Ohren auf  Allerlei Dialektmusik

S’is wias is, du hast am best’n net z’vü Gschiss!

Feuilleton | Gerhard Stöger | aus FALTER 22/13 vom 29.05.2013

Wie eine Tom-Waits-Interpretation von Helmut Qualtinger geklungen hätte? Womöglich wie bei Jo Strauss, einem zwischen Wien und Berlin pendelnden Songwriter, der einst Ludwig Hirsch als Busfahrer zu Diensten war. In den schwächeren Momenten mutet sein gepresstes Gebrummel auf "Jo Strauss“ (Prückl Beats) fast wie eine Persiflage an, grundsätzlich ist der Mann aber keineswegs uninteressant. Strauss streift zwar den Austropop, orientiert sich im Zweifelsfall aber eher am Balladen-Nick-Cave, und rumpelig, das kann er auch. Er holt den "Casablanca“-Hadern "As Time Goes By“ ins Wienerische, vertont H.C. Artmann und raunzt und grummelt nicht unbedingt frohnaturige Zeilen wie "dei Westal ist weiß wie des Zeig, des du ziagst / wannst rennst, brauchst an iPod, weilst as sunst fü zfü gspiast“.

Um einiges besser gelaunt sind Michael Radanovics (Gesang, Gitarre) und Petra Hartl (Gesang, Cello), die seit zehn Jahren das Dialektduo Zimt & Zauber betreiben und mit "Siswiasis“ (Extraplatte) ihr drittes Album vorlegen. Leichtfüßige und stimmungsvoll reduziert arrangierte Wienerlieder sind darauf zu hören, gespielt mit einer Ahnung von Donaudelta-Soul und einem leichten Zucken in der großen Zehe. "S’is wia’s is, s’kummt wia’s kummt, guat war, wann man net verdummt“, heißt es da alltagsphilosophisch. "S’kummt wie’s kummt, s’is wia’s is, du hast am best’n net z’vü Gschiss!“

Hinter dem sinnigen Namen Pepis Bagage verbirgt sich ein mal etwas gespreizt hochdeutsch singendes, dann wieder urwüchsig tönendes burgenländisches Quintett um den Sänger und Mundharmonikaspieler Pepi Kornfeld.
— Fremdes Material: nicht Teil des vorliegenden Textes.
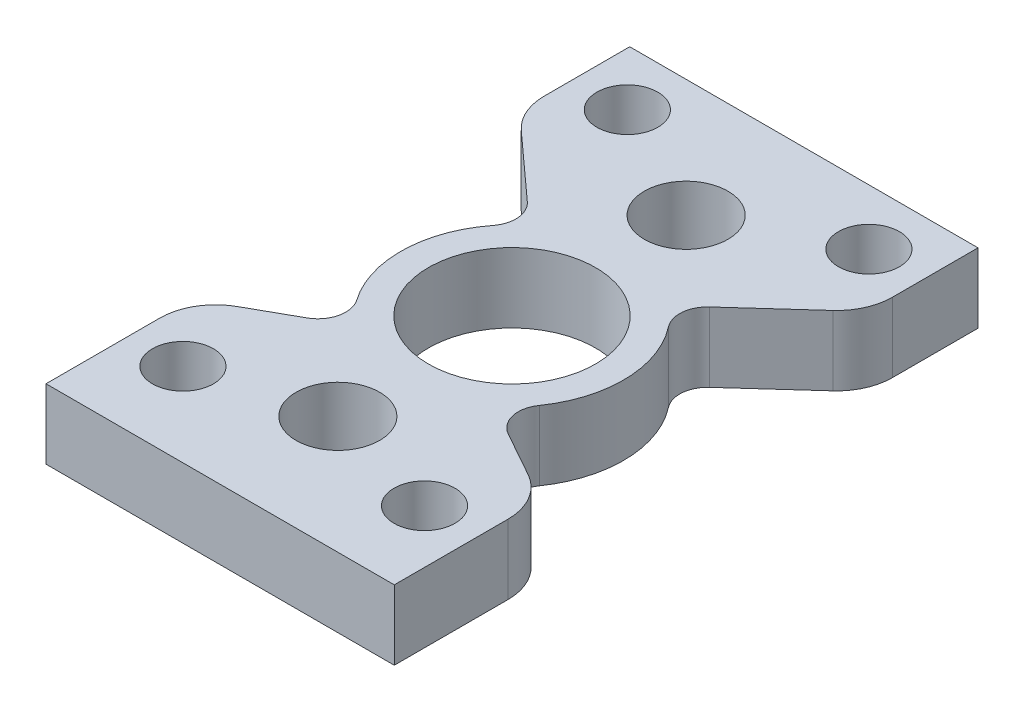
ISO-10303-21;
HEADER;
FILE_DESCRIPTION(('STEP AP214'),'2;1');
FILE_NAME('part.step','',(''),(''),'','','');
FILE_SCHEMA(('AUTOMOTIVE_DESIGN { 1 0 10303 214 1 1 1 1 }'));
ENDSEC;
DATA;
#1=APPLICATION_CONTEXT('core data for automotive mechanical design processes');
#2=APPLICATION_PROTOCOL_DEFINITION('international standard','automotive_design',2000,#1);
#3=PRODUCT_CONTEXT('',#1,'mechanical');
#4=PRODUCT('Part','Part','',(#3));
#5=PRODUCT_RELATED_PRODUCT_CATEGORY('part','',(#4));
#6=PRODUCT_DEFINITION_FORMATION('','',#4);
#7=PRODUCT_DEFINITION_CONTEXT('part definition',#1,'design');
#8=PRODUCT_DEFINITION('design','',#6,#7);
#9=PRODUCT_DEFINITION_SHAPE('','',#8);
#10=(LENGTH_UNIT() NAMED_UNIT(*) SI_UNIT(.MILLI.,.METRE.));
#11=(NAMED_UNIT(*) PLANE_ANGLE_UNIT() SI_UNIT($,.RADIAN.));
#12=(NAMED_UNIT(*) SI_UNIT($,.STERADIAN.) SOLID_ANGLE_UNIT());
#13=UNCERTAINTY_MEASURE_WITH_UNIT(LENGTH_MEASURE(1.E-05),#10,'distance_accuracy_value','');
#14=(GEOMETRIC_REPRESENTATION_CONTEXT(3) GLOBAL_UNCERTAINTY_ASSIGNED_CONTEXT((#13)) GLOBAL_UNIT_ASSIGNED_CONTEXT((#10,
#11,#12)) REPRESENTATION_CONTEXT('',''));
#15=CARTESIAN_POINT('',(0.,0.,0.));
#16=DIRECTION('',(0.,0.,1.));
#17=DIRECTION('',(1.,0.,0.));
#18=AXIS2_PLACEMENT_3D('',#15,#16,#17);
#19=CARTESIAN_POINT('',(-10.795,6.35,-18.8135112898051));
#20=DIRECTION('',(0.,-1.,0.));
#21=DIRECTION('',(0.,0.,-1.));
#22=AXIS2_PLACEMENT_3D('',#19,#20,#21);
#23=PLANE('',#22);
#24=CARTESIAN_POINT('',(3.49148133884313E-12,6.35,-15.8750000000001));
#25=DIRECTION('',(0.,1.,0.));
#26=DIRECTION('',(0.,0.,1.));
#27=AXIS2_PLACEMENT_3D('',#24,#25,#26);
#28=CIRCLE('',#27,3.81);
#29=CARTESIAN_POINT('',(3.49148133884313E-12,6.35,-12.0650000000001));
#30=VERTEX_POINT('',#29);
#31=EDGE_CURVE('E408',#30,#30,#28,.T.);
#32=ORIENTED_EDGE('',*,*,#31,.F.);
#33=EDGE_LOOP('',(#32));
#34=FACE_BOUND('',#33,.T.);
#35=CARTESIAN_POINT('',(-11.0109,6.35,-21.5265));
#36=DIRECTION('',(0.,1.,0.));
#37=DIRECTION('',(0.,0.,-1.));
#38=AXIS2_PLACEMENT_3D('',#35,#36,#37);
#39=CIRCLE('',#38,2.77876000000001);
#40=CARTESIAN_POINT('',(-11.0109,6.35,-24.30526));
#41=VERTEX_POINT('',#40);
#42=EDGE_CURVE('E420',#41,#41,#39,.T.);
#43=ORIENTED_EDGE('',*,*,#42,.F.);
#44=EDGE_LOOP('',(#43));
#45=FACE_BOUND('',#44,.T.);
#46=CARTESIAN_POINT('',(11.0109,6.35,18.9865));
#47=DIRECTION('',(0.,1.,0.));
#48=DIRECTION('',(0.,0.,1.));
#49=AXIS2_PLACEMENT_3D('',#46,#47,#48);
#50=CIRCLE('',#49,2.77876);
#51=CARTESIAN_POINT('',(11.0109,6.35,21.76526));
#52=VERTEX_POINT('',#51);
#53=EDGE_CURVE('E432',#52,#52,#50,.T.);
#54=ORIENTED_EDGE('',*,*,#53,.F.);
#55=EDGE_LOOP('',(#54));
#56=FACE_BOUND('',#55,.T.);
#57=DIRECTION('',(0.,0.,-1.));
#58=VECTOR('',#57,1.);
#59=CARTESIAN_POINT('',(15.875,6.35,-18.8135112898051));
#60=LINE('',#59,#58);
#61=CARTESIAN_POINT('',(15.875,6.35,-18.8135112898051));
#62=VERTEX_POINT('',#61);
#63=CARTESIAN_POINT('',(15.875,6.35,-26.6065));
#64=VERTEX_POINT('',#63);
#65=EDGE_CURVE('E241',#62,#64,#60,.T.);
#66=ORIENTED_EDGE('',*,*,#65,.T.);
#67=DIRECTION('',(-1.,0.,0.));
#68=VECTOR('',#67,1.);
#69=CARTESIAN_POINT('',(-15.875,6.35,-26.6065));
#70=LINE('',#69,#68);
#71=CARTESIAN_POINT('',(-15.875,6.35,-26.6065));
#72=VERTEX_POINT('',#71);
#73=EDGE_CURVE('E129',#64,#72,#70,.T.);
#74=ORIENTED_EDGE('',*,*,#73,.T.);
#75=DIRECTION('',(0.,0.,1.));
#76=VECTOR('',#75,1.);
#77=CARTESIAN_POINT('',(-15.875,6.35,-18.8135112898051));
#78=LINE('',#77,#76);
#79=CARTESIAN_POINT('',(-15.875,6.35,-18.8135112898051));
#80=VERTEX_POINT('',#79);
#81=EDGE_CURVE('E292',#72,#80,#78,.T.);
#82=ORIENTED_EDGE('',*,*,#81,.T.);
#83=CARTESIAN_POINT('',(-10.795,6.35,-18.8135112898051));
#84=DIRECTION('',(0.,1.,0.));
#85=DIRECTION('',(0.,0.,-1.));
#86=AXIS2_PLACEMENT_3D('',#83,#84,#85);
#87=CIRCLE('',#86,5.08);
#88=CARTESIAN_POINT('',(-14.2058875054184,6.35,-15.0489068716251));
#89=VERTEX_POINT('',#88);
#90=EDGE_CURVE('E311',#80,#89,#87,.T.);
#91=ORIENTED_EDGE('',*,*,#90,.T.);
#92=DIRECTION('',(0.741063861846469,0.,0.671434548310702));
#93=VECTOR('',#92,1.);
#94=CARTESIAN_POINT('',(-14.2058875054184,6.35,-15.0489068716251));
#95=LINE('',#94,#93);
#96=CARTESIAN_POINT('',(-8.30284053239606,6.35,-9.70050185277497));
#97=VERTEX_POINT('',#96);
#98=EDGE_CURVE('E308',#89,#97,#95,.T.);
#99=ORIENTED_EDGE('',*,*,#98,.T.);
#100=CARTESIAN_POINT('',(-10.0082842851052,6.35,-7.81819964368494));
#101=DIRECTION('',(0.,-1.,0.));
#102=DIRECTION('',(0.,0.,-1.));
#103=AXIS2_PLACEMENT_3D('',#100,#101,#102);
#104=CIRCLE('',#103,2.54);
#105=CARTESIAN_POINT('',(-8.0066274280842,6.35,-6.25455971494795));
#106=VERTEX_POINT('',#105);
#107=EDGE_CURVE('E310',#97,#106,#104,.T.);
#108=ORIENTED_EDGE('',*,*,#107,.T.);
#109=CARTESIAN_POINT('',(0.,6.35,0.));
#110=DIRECTION('',(0.,1.,0.));
#111=DIRECTION('',(0.,0.,1.));
#112=AXIS2_PLACEMENT_3D('',#109,#110,#111);
#113=CIRCLE('',#112,10.16);
#114=CARTESIAN_POINT('',(-8.32128915849099,6.35,5.8293864806496));
#115=VERTEX_POINT('',#114);
#116=EDGE_CURVE('E313',#106,#115,#113,.T.);
#117=ORIENTED_EDGE('',*,*,#116,.T.);
#118=CARTESIAN_POINT('',(-10.4016114481137,6.35,7.28673310081201));
#119=DIRECTION('',(0.,-1.,0.));
#120=DIRECTION('',(0.,0.,1.));
#121=AXIS2_PLACEMENT_3D('',#118,#119,#120);
#122=CIRCLE('',#121,2.54);
#123=CARTESIAN_POINT('',(-9.1618570457653,6.35,9.50362484870086));
#124=VERTEX_POINT('',#123);
#125=EDGE_CURVE('E319',#115,#124,#122,.T.);
#126=ORIENTED_EDGE('',*,*,#125,.T.);
#127=DIRECTION('',(-0.872792026727894,0.,0.488092284389146));
#128=VECTOR('',#127,1.);
#129=CARTESIAN_POINT('',(-13.2745088046969,6.35,11.8035468581165));
#130=LINE('',#129,#128);
#131=CARTESIAN_POINT('',(-13.2745088046969,6.35,11.8035468581165));
#132=VERTEX_POINT('',#131);
#133=EDGE_CURVE('E321',#124,#132,#130,.T.);
#134=ORIENTED_EDGE('',*,*,#133,.T.);
#135=CARTESIAN_POINT('',(-10.795,6.35,16.2373303538942));
#136=DIRECTION('',(0.,1.,0.));
#137=DIRECTION('',(0.,0.,-1.));
#138=AXIS2_PLACEMENT_3D('',#135,#136,#137);
#139=CIRCLE('',#138,5.08);
#140=CARTESIAN_POINT('',(-15.875,6.35,16.2373303538942));
#141=VERTEX_POINT('',#140);
#142=EDGE_CURVE('E323',#132,#141,#139,.T.);
#143=ORIENTED_EDGE('',*,*,#142,.T.);
#144=DIRECTION('',(0.,0.,1.));
#145=VECTOR('',#144,1.);
#146=CARTESIAN_POINT('',(-15.875,6.35,26.6065));
#147=LINE('',#146,#145);
#148=CARTESIAN_POINT('',(-15.875,6.35,26.6065));
#149=VERTEX_POINT('',#148);
#150=EDGE_CURVE('E325',#141,#149,#147,.T.);
#151=ORIENTED_EDGE('',*,*,#150,.T.);
#152=DIRECTION('',(1.,0.,0.));
#153=VECTOR('',#152,1.);
#154=CARTESIAN_POINT('',(-15.875,6.35,26.6065));
#155=LINE('',#154,#153);
#156=CARTESIAN_POINT('',(15.875,6.35,26.6065));
#157=VERTEX_POINT('',#156);
#158=EDGE_CURVE('E327',#149,#157,#155,.T.);
#159=ORIENTED_EDGE('',*,*,#158,.T.);
#160=DIRECTION('',(0.,0.,-1.));
#161=VECTOR('',#160,1.);
#162=CARTESIAN_POINT('',(15.875,6.35,26.6065));
#163=LINE('',#162,#161);
#164=CARTESIAN_POINT('',(15.875,6.35,16.2373303538942));
#165=VERTEX_POINT('',#164);
#166=EDGE_CURVE('E329',#157,#165,#163,.T.);
#167=ORIENTED_EDGE('',*,*,#166,.T.);
#168=CARTESIAN_POINT('',(10.795,6.35,16.2373303538942));
#169=DIRECTION('',(0.,1.,0.));
#170=DIRECTION('',(0.,0.,1.));
#171=AXIS2_PLACEMENT_3D('',#168,#169,#170);
#172=CIRCLE('',#171,5.08);
#173=CARTESIAN_POINT('',(13.2745088046969,6.35,11.8035468581165));
#174=VERTEX_POINT('',#173);
#175=EDGE_CURVE('E331',#165,#174,#172,.T.);
#176=ORIENTED_EDGE('',*,*,#175,.T.);
#177=DIRECTION('',(-0.872792026727894,0.,-0.488092284389145));
#178=VECTOR('',#177,1.);
#179=CARTESIAN_POINT('',(13.2745088046969,6.35,11.8035468581165));
#180=LINE('',#179,#178);
#181=CARTESIAN_POINT('',(9.1618570457653,6.35,9.50362484870086));
#182=VERTEX_POINT('',#181);
#183=EDGE_CURVE('E333',#174,#182,#180,.T.);
#184=ORIENTED_EDGE('',*,*,#183,.T.);
#185=CARTESIAN_POINT('',(10.4016114481137,6.35,7.28673310081201));
#186=DIRECTION('',(0.,-1.,0.));
#187=DIRECTION('',(0.,0.,-1.));
#188=AXIS2_PLACEMENT_3D('',#185,#186,#187);
#189=CIRCLE('',#188,2.54);
#190=CARTESIAN_POINT('',(8.32128915849099,6.35,5.82938648064961));
#191=VERTEX_POINT('',#190);
#192=EDGE_CURVE('E335',#182,#191,#189,.T.);
#193=ORIENTED_EDGE('',*,*,#192,.T.);
#194=CARTESIAN_POINT('',(0.,6.35,0.));
#195=DIRECTION('',(0.,1.,0.));
#196=DIRECTION('',(0.,0.,1.));
#197=AXIS2_PLACEMENT_3D('',#194,#195,#196);
#198=CIRCLE('',#197,10.16);
#199=CARTESIAN_POINT('',(8.0066274280842,6.35,-6.25455971494795));
#200=VERTEX_POINT('',#199);
#201=EDGE_CURVE('E184',#191,#200,#198,.T.);
#202=ORIENTED_EDGE('',*,*,#201,.T.);
#203=CARTESIAN_POINT('',(10.0082842851052,6.35,-7.81819964368494));
#204=DIRECTION('',(0.,-1.,0.));
#205=DIRECTION('',(0.,0.,1.));
#206=AXIS2_PLACEMENT_3D('',#203,#204,#205);
#207=CIRCLE('',#206,2.54);
#208=CARTESIAN_POINT('',(8.30284053239607,6.35,-9.70050185277497));
#209=VERTEX_POINT('',#208);
#210=EDGE_CURVE('E178',#200,#209,#207,.T.);
#211=ORIENTED_EDGE('',*,*,#210,.T.);
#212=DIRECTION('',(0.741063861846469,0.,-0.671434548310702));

Mitsamt Bagage posiert er im Inneren der CD "Modscho“ (Eifelbaum) auf einem uralten Steyr-Traktor; auf dem Cover ist er mit vier Damen und einem Mercedes-Oldtimer zu sehen. Warum auch nicht. Die acht meist flott und gut gelaunt dargebotenen Lieder kombinieren dorffesttauglichen Bluesrock mit ein wenig Funk; als Draufgabe ertönt doch tatsächlich eine neumoderner Remix.